Almost every year, Apple makes a new iPhone. Have you ever wondered where the old ones go? It is human nature to always want something better, advanced and newer. Moreover the latest phones come with better and more features and applications compared to the old ones.
Mobile phones are made of chemicals and precious metals. If you just dispose them off, these chemicals can be harmful to the environment and people at large. Also, if you have to extract more chemicals each time new phones are manufactured, then you deplete the environment. For these reasons, mobile phones have to be recycled.
We have detailed other reasons why we recycle phones below. Get comfortable and read on.
What Is Phone Recycling?
Phone recycling is the process of reusing chemicals and plastics from old phones into making newer phones. Do you know in the US, electronic scrap constitutes 70% of the overall toxic waste that clogs landfills and water bodies?
Moreover, an average phone has a life span of 24 months? So how many phones are being discarded in favor of newer ones? Millions. If all these get dumped in landfills, water bodies, etc., they will deplete the soil of its nutrients.
How Is Mobile Phone Recycling Done?
Mobile phone recycling is done in two categories; phones can be refurbished and resold to end users while others with no value will be recycled for their precious metals. Recyclers usually have specific points where they pick E-waste in bulk like LES Ecology in the US.
In metropolitan areas, building managers work with recyclers and collect E-waste in bulk. From here, they are taken to designated places for recycling. Usually garbage trucks will pick the gathered E-waste and take it to facilities that demolish them.
The Process
They use sledgehammers and human workers to shred the mobile phones and sift them using machines which sort precious metals and plastics from junk.
After getting the precious minerals, it is pounded into dust. Plastics and pounded metals are then packed into bags and sold to smelting operations or disposed of safely.
Even though this scenario doesn’t eliminate environmental degradation and health effects, at least it minimizes clogging landfills with large volume mobile phones.
The best way would be for phone manufacturers to stop using hazardous materials altogether. It's better for companies to adopt sustainable alternatives for manufacturing mobile phones.
Why Recycle Mobile Phones
Avoid Environmental Degradation
Most phones when no longer useful to the owner, they will toss them away in the trash bin. If everyone that gets an old phone disposes of them this way, they will end up in landfills, clogging water bodies and incinerators. They will them emit dangerous gases into the air.
Mobile phones are made of hazardous metals like lead, aluminum, chlorine, mercury and others that are harmful when breathed in.
Also, when these old phones are burnt in incinerators, they will emit dangerous gases that deplete the ozone layer hence exposing us to dangerous ultraviolet light known to be cancerous among other phone recycling benefits.
Saves Energy
Some phone parts like chip and mother board are known to use a lot of energy when manufacturing. Therefore, when you recycle these phones, energy consumption will be less compared to manufacturing a new phone from scratch.
Mobile phone chips and motherboards are made of precious metals that are mined at a high cost.
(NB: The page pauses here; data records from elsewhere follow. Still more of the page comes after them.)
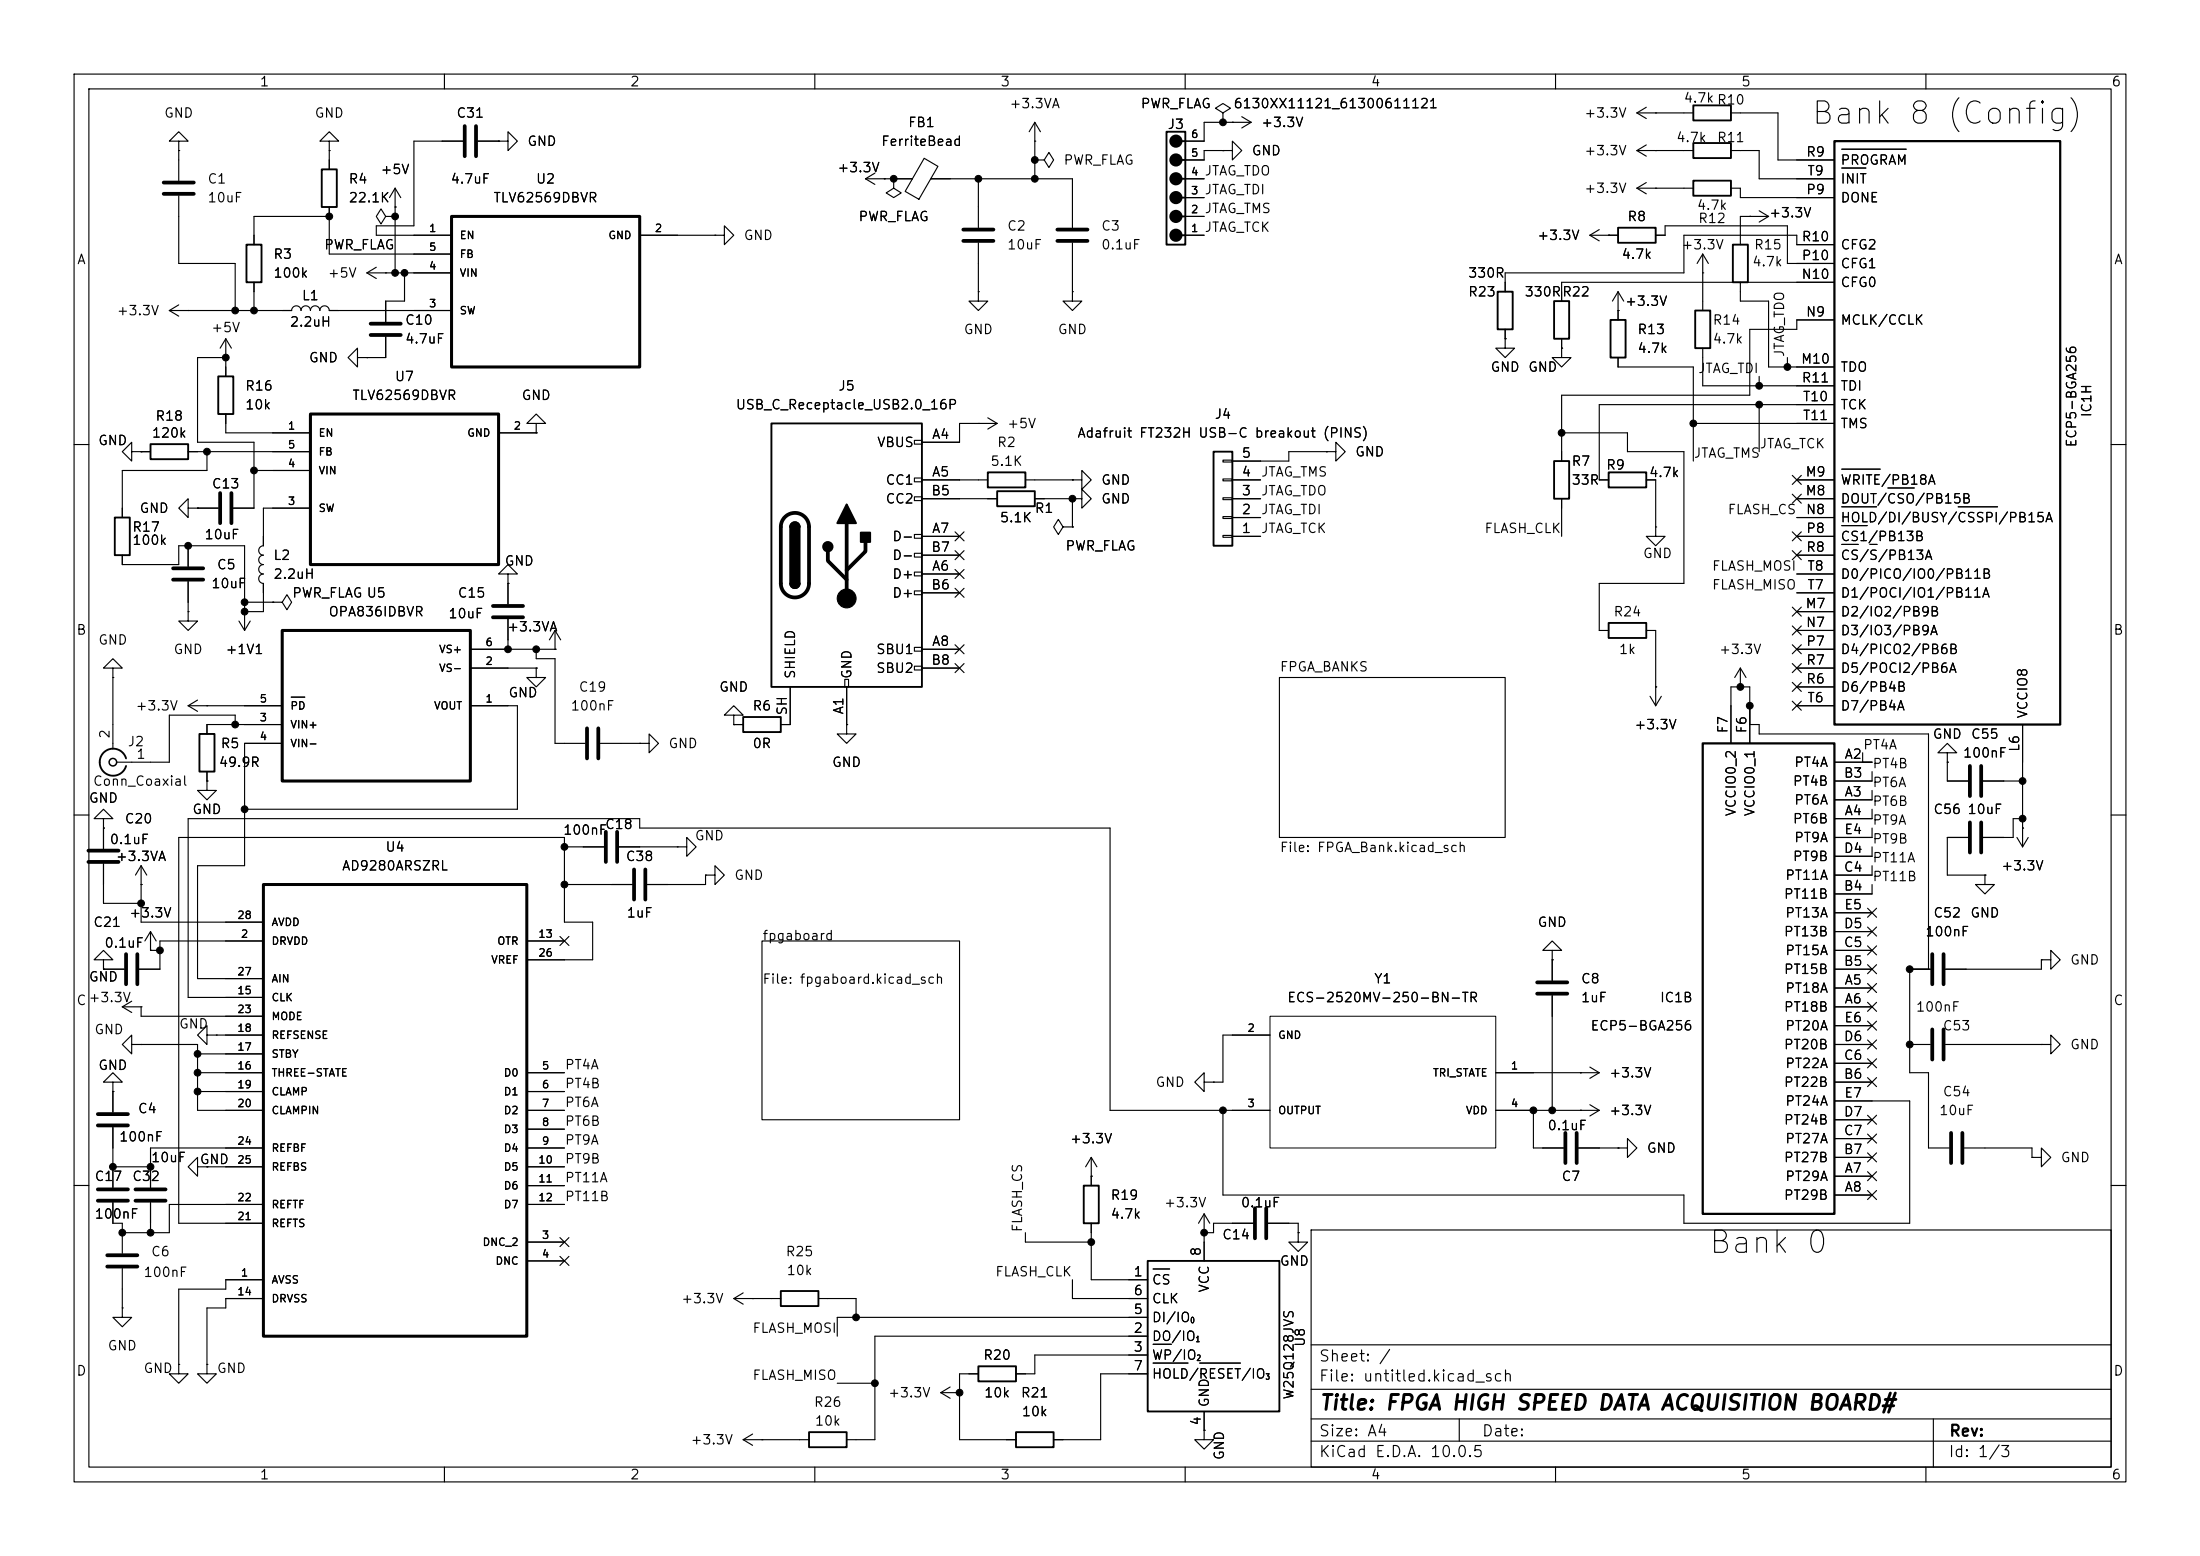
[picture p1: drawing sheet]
<svg xmlns="http://www.w3.org/2000/svg" width="297mm" height="210mm" viewBox="0 0 297 210" stroke-linecap="round" stroke-linejoin="round" font-family="sans-serif">
<g fill="none" stroke="#000" stroke-width=".15">
<path d="M10 10h277v190h-277zM12 12h273v186h-273zM24.1 19.1h1.3l-1.3-1.3-1.2 1.3h1.2v1.2M44.4 19.1h1.3l-1.3-1.3-1.2 1.3h1.2v1.2M60 10v2M62.5 19.1h-6.6v11.4h-5.1v1.3h10.2M64.5 19.1h2.8M67.3 19.1h1.3v-1.3l1.2 1.3-1.2 1.2v-1.2M67.3 19.1h.1M110 10v2M139.7 19.1h.1M139.7 16.5l-.8 1.3"/>
<path d="M139.7 16.5l.8 1.3M139.7 16.5v7.6M160 10v2M165.1 15.2l1-.6-1-.6-1 .6 1 .6v1.3M165.1 16.5h.1M166.4 16.5h.1M167.6 15.7l1.3 .8M168.9 16.5h-6.3v2.6h-2.6M168.9 16.5l-1.3 .8M210 10v2M221 15.2l1.2 .8M221 15.2h7.6"/>
<path d="M222.2 19.6l-1.2 .7M222.2 14.5l-1.2 .7M223.5 15.2h.1M233.7 15.2h6.3v6.4h7.6M260 10v2M24.1 20.3h.1M24.1 26.4v9.2h7.6v6.3M24.1 20.3v4.1M34.3 38.1v3.8M44.4 20.3h.1M44.4 29.2h-10.1v3.8M44.4 20.3v2.6"/>
<path d="M44.4 27.9v6.4h16.6M49.5 36.8l1.3 .8M49.5 36.8h11.5M50.8 36.1l-1.3 .7M52.1 36.8h.1M52.1 29.2l-.7-1-.6 1 .6 1 .7-1h1.2M53.3 27.9h.1M53.3 29.2h.1M53.3 25.4l-.7 1.3M53.3 25.4l.8 1.3M53.3 25.4v11.4M54.6 36.8v3.8h-2.5v2.8"/>
<path d="M86.4 31.8h10.1M96.5 31.8h1.3v-1.3l1.3 1.3-1.3 1.2v-1.2M96.5 31.8h.1M116.8 24.1h6.4M116.8 24.1l1.3 .8M118.1 23.4l-1.3 .7M119.4 24.1h.1M120.6 24.1v1.3l1.1 .6-1.1 .7-1-.7 1-.6M120.6 24.1h.1M124.8 21.4l1.8 1.1-2.5 4.4-1.9-1.1zM125.7 24.1h19.1v6.6M132.1 39.4v1.2h1.2l-1.2 1.3-1.3-1.3h1.3"/>
<path d="M132.1 39.4h.1M132.1 24.1v6.6M132.1 32.8v6.6M139.7 21.6h1.3l.6-1 .6 1-.6 1-.6-1M139.7 21.6h.1M144.8 39.4v1.2h1.2l-1.2 1.3-1.3-1.3h1.3M144.8 39.4h.1M144.8 32.8v6.6M160 29.2h2.6M160 31.8h2.6M160 26.7h2.6M160 24.1h2.6"/>
<path d="M165.1 20.3h1.3v-1.2l1.2 1.2-1.2 1.3v-1.3M165.1 20.3h.1M165.1 20.3h-2.5v1.3h-2.6M214.6 31.8l1.3 .7M214.6 31.8h3.8M215.9 31l-1.3 .8M217.2 31.8h.1M218.4 39.4l-.7 1.2M218.4 39.4l.8 1.2M218.4 39.4v3.8M221 25.4l1.2 .8M221 25.4h7.6"/>
<path d="M221 20.3l1.2 .8M221 20.3h7.6M222.2 24.6l-1.2 .8M223.5 25.4h.1M223.5 20.3h.1M223.5 31.8h1.3v-1.3h16.5v5.1h6.3M229.9 36.8h.1M229.9 34.3l-.8 1.3M229.9 34.3l.7 1.3M229.9 34.3v7.6M233.7 25.4h1.2v1.3h12.7M233.7 20.3h3.8v3.8h10.1"/>
<path d="M234.9 38.1v2.5h3.9v8.9h8.8M236.2 29.2h.1M237.5 28.4l1.3 .8M238.8 29.2l-1.3 .8M238.8 29.2h-3.9v3.8M247.6 33h-5v-1.2h-15.3v5h-24.1v2.6M247.6 38.1h-36.8v2.5M248.6 20.1h8.7M248.6 22.7h3.3M22.9 41.9h16.5a.64 .64 0 0 1 .6-.6 .64 .64 0 0 1 .6 .6 .64 .64 0 0 1 .7-.6 .64 .64 0 0 1 .6 .6 .64 .64 0 0 1 .6-.6 .64 .64 0 0 1 .7 .6 .64 .64 0 0 1 .6-.6 .64 .64 0 0 1 .6 .6h16.6M22.9 41.9l1.2 .8M24.1 41.1l-1.2 .8"/>
<path d="M25.4 41.9h.1M30.5 48.3h.1M30.5 45.7v5.1M30.5 55.9v2.5h11.4M30.5 48.3h-3.8v11.4h7.6v8.9h-2.8M30.5 45.7l-.8 1.3M30.5 45.7l.7 1.3M48.3 48.3v-1.3l-1.3 1.3 1.3 1.2v-1.2h1.2M49.5 48.3h.1M52.1 45.5v2.8h-2.6M67.3 58.4h5.1M72.4 57.2h1.3l-1.3-1.3-1.3 1.3h1.3v1.2"/>
<path d="M72.4 58.4h.1M123.4 59.4h1.1v.5h-1.1zM132.1 57.2h.1M133.3 56.4l1.3 .8M134.6 57.2h-5.1v2.5h-5M134.6 57.2l-1.3 .7M203.2 45.7v1.3h1.3l-1.3 1.3-1.3-1.3h1.3M203.2 45.7h.1M203.2 44.5v1.2M210.8 47v1.3h1.3l-1.3 1.2-1.3-1.2h1.3M210.8 47h.1M210.8 58.4h8.9v2.6h7.6v17.7h-11.4v6.4h1.3"/>
<path d="M210.8 45.7v1.3M218.4 41.9h.1M218.4 48.3v1.2h10.2v12.7M228.6 57.2h19M229.9 47v5.1h17.7M237.5 50.8v1.3M237.5 54.6v6.4M241.3 48.3v1.2M247.6 54.6h-31.7v10.2h1.3M247.6 43.2h-5v1.3h-6.4v8.8h-25.4v8.9M10 60h2M16.5 74.9v1.3h7.6v-2.5h8.9v11.4"/>
<path d="M17.8 61v-1.3l-1.3 1.3 1.3 1.2v-1.2h1.2M19 61h.1M19 61h1.3M25.4 68.6v-1.3l-1.3 1.3 1.3 1.3v-1.3h1.3M25.4 61h16.5M25.4 73.7v2.8M25.4 78.5v4.1M26.7 68.6h.1M26.7 68.6h2.8M27.9 61v2.5h-11.4v6.4M34.3 63.5h7.6M41.9 68.6h-6.3v5.1a.64 .64 0 0 0-.7 .6 .64 .64 0 0 0 .7 .6 .64 .64 0 0 0-.7 .7 .64 .64 0 0 0 .7 .6 .64 .64 0 0 0-.7 .6 .64 .64 0 0 0 .7 .7 .64 .64 0 0 0-.7 .6 .64 .64 0 0 0 .7 .6v3.9h-2.6"/>
<path d="M68.6 77.5h1.2l-1.2-1.3-1.3 1.3h1.3v1.2M68.6 78.7h.1M68.6 78.7v2.8M123.4 64.5h1.1v.5h-1.1zM123.4 67.1h1.1v.5h-1.1zM123.4 72.1h1.1v.5h-1.1zM123.4 74.7h1.1v.5h-1.1zM123.4 77.2h1.1v.5h-1.1zM123.4 79.8h1.1v.5h-1.1zM124.5 72.4h5M124.5 67.3h10.1M124.5 64.8h8.8"/>
<path d="M124.5 74.9h5M124.5 77.5h5M128.9 76.9l1.2 1.2M128.9 79.4l1.2 1.2M128.9 71.8l1.2 1.2M128.9 74.3l1.2 1.2M130.1 76.9l-1.2 1.2M130.1 79.4l-1.2 1.2M130.1 71.8l-1.2 1.2M130.1 74.3l-1.2 1.2M138.4 64.8h6.4M139.7 67.3h5.1"/>
<path d="M143.5 71.1l-.6-1-.7 1 .7 1 .6-1h1.3M144.8 71.1h.1M144.8 64.8h1.2v-1.3l1.3 1.3-1.3 1.2v-1.2M144.8 64.8h.1M144.8 67.3h1.2v-1.3l1.3 1.3-1.3 1.3v-1.3M144.8 67.3h.1M144.8 67.3v3.8M165.1 72.3h1.3v.2h-1.3zM165.1 69.7h1.3v.3h-1.3zM165.1 67.2h1.3v.2h-1.3zM165.1 64.6h1.3v.3h-1.3zM165.1 62.1h1.3v.3h-1.3z"/>
<path d="M166.4 72.4h3.8M166.4 69.9h3.8M166.4 67.3h3.8M166.4 64.8h3.8M179.1 61h1.2v-1.3l1.3 1.3-1.3 1.2v-1.2M179.1 61h.1M179.1 61h-5.1v1.2h-7.6M210.8 67.3v5.1M222.2 64.8h1.3v6.3M223.5 71.1v1.3h1.3l-1.3 1.3-1.3-1.3h1.3M223.5 71.1h.1M242 64.2l1.2 1.2"/>
<path d="M242 71.8l1.2 1.2M242 66.7l1.2 1.2M242 74.3l1.2 1.2M242.6 72.4h5M242.6 69.9h5M242.6 67.3h5M242.6 64.8h5M242.6 74.9h5M242.6 77.5h5M243.2 64.2l-1.2 1.2M243.2 71.8l-1.2 1.2M243.2 66.7l-1.2 1.2"/>
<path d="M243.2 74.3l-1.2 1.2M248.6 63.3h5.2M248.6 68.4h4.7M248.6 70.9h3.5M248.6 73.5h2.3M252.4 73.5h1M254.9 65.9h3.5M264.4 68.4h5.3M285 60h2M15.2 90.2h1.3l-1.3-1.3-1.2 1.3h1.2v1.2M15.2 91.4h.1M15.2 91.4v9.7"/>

Therefore, recycling phones saves energy that can be used in production elsewhere.
Conserves Resources and the Environment
Phones are made of precious metals like gold, copper, zinc, coltan, tantalum, and beryllium among other raw materials. All these require significant resources to manufacture and mine.
Also, if every time a new phone is manufactured requires extracting these minerals, it would make them extinct (they are already scarce). Also, mining leads to erosion, loss of biodiversity and contamination of soil.
Bottom Line
Recycling of phones is encouraged because it saves the environment, reduces emission of dangerous gasses that harm people and deplete the soil.